Question

Is it okay to remove uncharacterised transcripts from downstream analysis in RNA-seq?

0

Entering edit mode

5.6 years ago

antoinefelden ▴ 60

I work with a reference genome that is only partially annotated, and I'm wondering if it's okay for me to discard uncharacterised genes from my dataset (once I've properly calculated TMM-normalisation factors from all transcripts, including the uncharacterised ones).

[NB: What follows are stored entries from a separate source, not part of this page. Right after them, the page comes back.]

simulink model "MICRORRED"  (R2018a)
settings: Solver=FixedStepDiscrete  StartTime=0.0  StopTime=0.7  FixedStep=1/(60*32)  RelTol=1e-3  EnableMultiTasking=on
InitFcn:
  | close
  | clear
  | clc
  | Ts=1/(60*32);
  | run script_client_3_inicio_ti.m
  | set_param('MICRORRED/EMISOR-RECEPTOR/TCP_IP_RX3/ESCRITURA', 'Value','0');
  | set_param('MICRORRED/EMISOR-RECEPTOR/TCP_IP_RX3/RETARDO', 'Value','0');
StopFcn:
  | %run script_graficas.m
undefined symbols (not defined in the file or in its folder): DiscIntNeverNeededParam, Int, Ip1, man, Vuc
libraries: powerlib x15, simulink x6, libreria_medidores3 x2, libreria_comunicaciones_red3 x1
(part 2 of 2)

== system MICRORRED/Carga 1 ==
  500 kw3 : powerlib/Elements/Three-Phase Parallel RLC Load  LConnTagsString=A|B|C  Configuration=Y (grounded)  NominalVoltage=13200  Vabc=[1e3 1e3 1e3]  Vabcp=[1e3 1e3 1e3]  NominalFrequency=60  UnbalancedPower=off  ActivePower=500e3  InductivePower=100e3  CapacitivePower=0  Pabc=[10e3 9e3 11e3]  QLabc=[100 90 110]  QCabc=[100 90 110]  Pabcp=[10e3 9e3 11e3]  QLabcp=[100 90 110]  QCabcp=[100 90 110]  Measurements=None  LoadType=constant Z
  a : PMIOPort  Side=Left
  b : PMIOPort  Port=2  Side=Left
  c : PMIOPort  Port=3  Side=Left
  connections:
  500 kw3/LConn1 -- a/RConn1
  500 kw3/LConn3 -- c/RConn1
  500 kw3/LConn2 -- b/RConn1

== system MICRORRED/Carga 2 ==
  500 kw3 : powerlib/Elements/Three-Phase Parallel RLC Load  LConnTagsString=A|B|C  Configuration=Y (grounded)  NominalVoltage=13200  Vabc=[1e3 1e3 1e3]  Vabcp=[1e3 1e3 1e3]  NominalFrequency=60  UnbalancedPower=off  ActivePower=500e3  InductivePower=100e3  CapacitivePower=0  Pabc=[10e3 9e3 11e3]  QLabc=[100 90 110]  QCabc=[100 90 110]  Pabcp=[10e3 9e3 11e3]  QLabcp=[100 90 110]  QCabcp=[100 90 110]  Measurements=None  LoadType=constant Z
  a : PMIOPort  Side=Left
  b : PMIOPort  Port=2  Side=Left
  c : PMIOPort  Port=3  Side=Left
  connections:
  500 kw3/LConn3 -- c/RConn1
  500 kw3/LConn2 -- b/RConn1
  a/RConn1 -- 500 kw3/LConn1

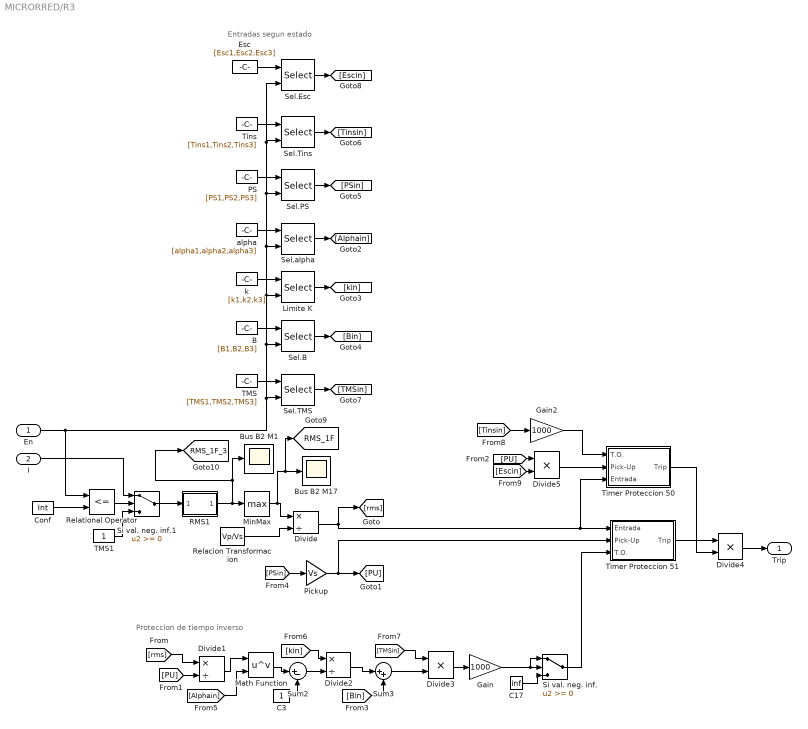
== system MICRORRED/R3 ==
  note: Proteccion de tiempo inverso
  note: Entradas segun estado
  En : Inport
  I : Inport  Port=2
  B : Constant  Value=[B1,B2,B3]
  Bus B2 M1 : Scope
  Bus B2 M17 : Scope
  C17 : Constant  Value=inf
  C3 : Constant
  Conf : Constant  Value=Int
  Divide : Product  Inputs=*/
  Divide1 : Product  Inputs=*/
  Divide2 : Product  Inputs=*/
  Divide3 : Product  Inputs=**
  Divide4 : Product  Inputs=**
  Divide5 : Product  Inputs=**
  Esc : Constant  Value=[Esc1,Esc2,Esc3]
  Gain : Gain  Gain=1000
  Gain2 : Gain  Gain=1000
  Limite K : Selector  InputPortWidth=3  IndexOptions=Index vector (port)  Indices=[1 2 3]  OutputSizes=1
  Math Function : Math  Operator=pow  SaturateOnIntegerOverflow=on
  MinMax : MinMax  Function=max
  PS : Constant  Value=[PS1,PS2,PS3]
  Pickup : Gain  Gain=Vs
  RMS1 : Subsystem
  Relacion Transformacion : Constant  Value=Vp/Vs
  Relational Operator : RelationalOperator  Operator=<=  OutDataTypeStr=boolean  RndMeth=Simplest
  Sel.B : Selector  InputPortWidth=3  IndexOptions=Index vector (port)  Indices=[1 2 3]  OutputSizes=1
  Sel.Esc : Selector  InputPortWidth=3  IndexOptions=Index vector (port)  Indices=[1 2 3]  OutputSizes=1
  Sel.PS : Selector  InputPortWidth=3  IndexOptions=Index vector (port)  Indices=[1 2 3]  OutputSizes=1
  Sel.TMS : Selector  InputPortWidth=3  IndexOptions=Index vector (port)  Indices=[1 2 3]  OutputSizes=1
  Sel.Tins : Selector  InputPortWidth=3  IndexOptions=Index vector (port)  Indices=[1 2 3]  OutputSizes=1
  Sel.alpha : Selector  InputPortWidth=3  IndexOptions=Index vector (port)  Indices=[1 2 3]  OutputSizes=1
  Si val. neg. inf. : Switch
  Si val. neg. inf.1 : Switch
  Sum2 : Sum  Inputs=|+-
  Sum3 : Sum  Inputs=|++
  TMS : Constant  Value=[TMS1,TMS2,TMS3]
  TMS1 : Constant
  Timer Proteccion 50 : Subsystem
  Timer Proteccion 51 : Subsystem
  Tins : Constant  Value=[Tins1,Tins2,Tins3]
  alpha : Constant  Value=[alpha1,alpha2,alpha3]
  k : Constant  Value=[k1,k2,k3]
  Trip : Outport
  tag scope: RMS_1F=global, RMS_1F_3=global
  wires:
  En/1 -> Relational Operator/1, Sel.TMS/2, Sel.B/2, Limite K/2, Sel.alpha/2, Sel.PS/2, Sel.Tins/2, Sel.Esc/2
  Divide4/1 -> Trip/1
  Tins/1 -> Sel.Tins/1
  [Escin] -> Divide5/2
  Sel.Esc/1 -> [Escin]
  C17/1 -> Si val. neg. inf./3
  Esc/1 -> Sel.Esc/1
  Math Function/1 -> Sum2/1
  [kin] -> Divide2/1
  Timer Proteccion 50/1(Trip) -> Divide4/2
  [PSin] -> Pickup/1
  Si val. neg. inf./1 -> Timer Proteccion 51/3(T.O.)
  Sel.TMS/1 -> [TMSin]
  PS/1 -> Sel.PS/1
  [Tinsin] -> Gain2/1
  Timer Proteccion 51/1(Trip) -> Divide4/1
  [Alphain] -> Math Function/2
  Divide3/1 -> Gain/1
  [PU] -> Divide1/2
  [PU] -> Divide5/1
  B/1 -> Sel.B/1
  Divide5/1 -> Timer Proteccion 50/2(Pick-Up)
  Divide2/1 -> Sum3/1
  Gain2/1 -> Timer Proteccion 50/1(T.O.)
  Gain/1 -> Si val. neg. inf./1, Si val. neg. inf./2
  Sum3/1 -> Divide3/2
  Sel.alpha/1 -> [Alphain]
  [Bin] -> Sum3/2
  Relacion Transformacion/1 -> Divide/2
  Divide/1 -> Timer Proteccion 51/1(Entrada), Timer Proteccion 50/3(Entrada), [rms]
  Sum2/1 -> Divide2/2
  Divide1/1 -> Math Function/1
  Limite K/1 -> [kin]
  [rms] -> Divide1/1
  Pickup/1 -> Timer Proteccion 51/2(Pick-Up), [PU]
  Sel.B/1 -> [Bin]
  Sel.PS/1 -> [PSin]
  MinMax/1 -> [RMS_1F], Bus B2 M17/1, Divide/1
  RMS1/1(Out1) -> [RMS_1F_3], Bus B2 M1/1, MinMax/1
  [TMSin] -> Divide3/1
  TMS/1 -> Sel.TMS/1
  C3/1 -> Sum2/2
  k/1 -> Limite K/1
  alpha/1 -> Sel.alpha/1
  Sel.Tins/1 -> [Tinsin]
  I/1 -> Si val. neg. inf.1/1
  Relational Operator/1 -> Si val. neg. inf.1/2
  Si val. neg. inf.1/1 -> RMS1/1(In1)
  Conf/1 -> Relational Operator/2
  TMS1/1 -> Si val. neg. inf.1/3

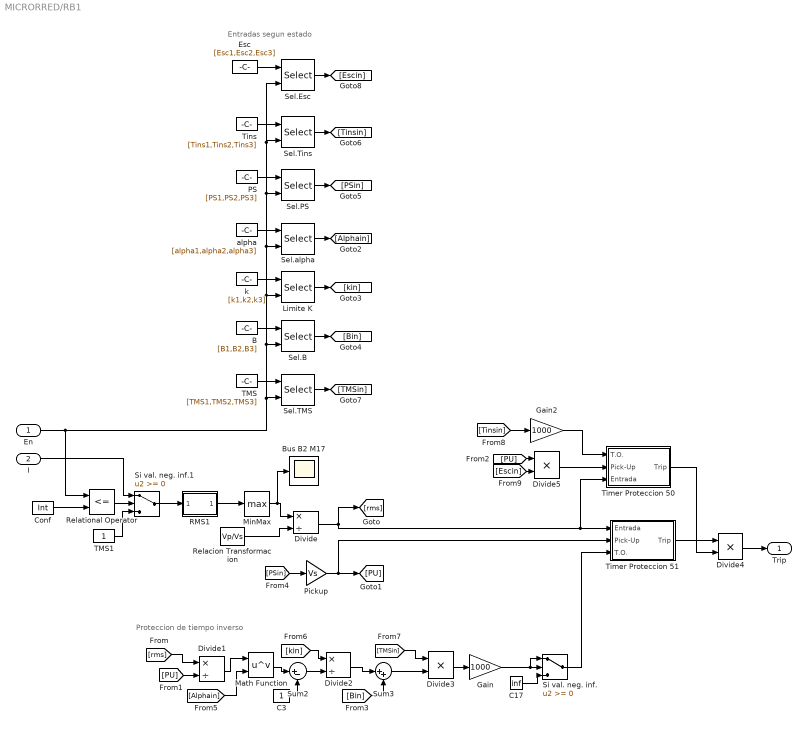
== system MICRORRED/RB1 ==
  note: Entradas segun estado
  note: Proteccion de tiempo inverso
  En : Inport
  I : Inport  Port=2
  B : Constant  Value=[B1,B2,B3]
  Bus B2 M17 : Scope
  C17 : Constant  Value=inf
  C3 : Constant
  Conf : Constant  Value=Int
  Divide : Product  Inputs=*/
  Divide1 : Product  Inputs=*/
  Divide2 : Product  Inputs=*/
  Divide3 : Product  Inputs=**
  Divide4 : Product  Inputs=**
  Divide5 : Product  Inputs=**
  Esc : Constant  Value=[Esc1,Esc2,Esc3]
  Gain : Gain  Gain=1000
  Gain2 : Gain  Gain=1000
  Limite K : Selector  InputPortWidth=3  IndexOptions=Index vector (port)  Indices=[1 2 3]  OutputSizes=1
  Math Function : Math  Operator=pow  SaturateOnIntegerOverflow=on
  MinMax : MinMax  Function=max
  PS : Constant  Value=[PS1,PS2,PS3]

I can deal with having lots of uncharacterised genes in the output of a classic DGE analysis (i.e. when looking at the top 100ish most DE genes, I can just acknowledge that a subset of these transcripts are unknown and that's fine). However, I also want to build a gene co-expression network (WGCNA), and I'd like to calculate GO enrichment on the relevant gene modules. But obviously, when a large portion of genes are unknown within a module, their GO terms are also unknown and a GO enrichment analysis doesn't really make sense. To overcome that, I want to discard uncharacterised transcripts and only run the analysis on annotated transcripts.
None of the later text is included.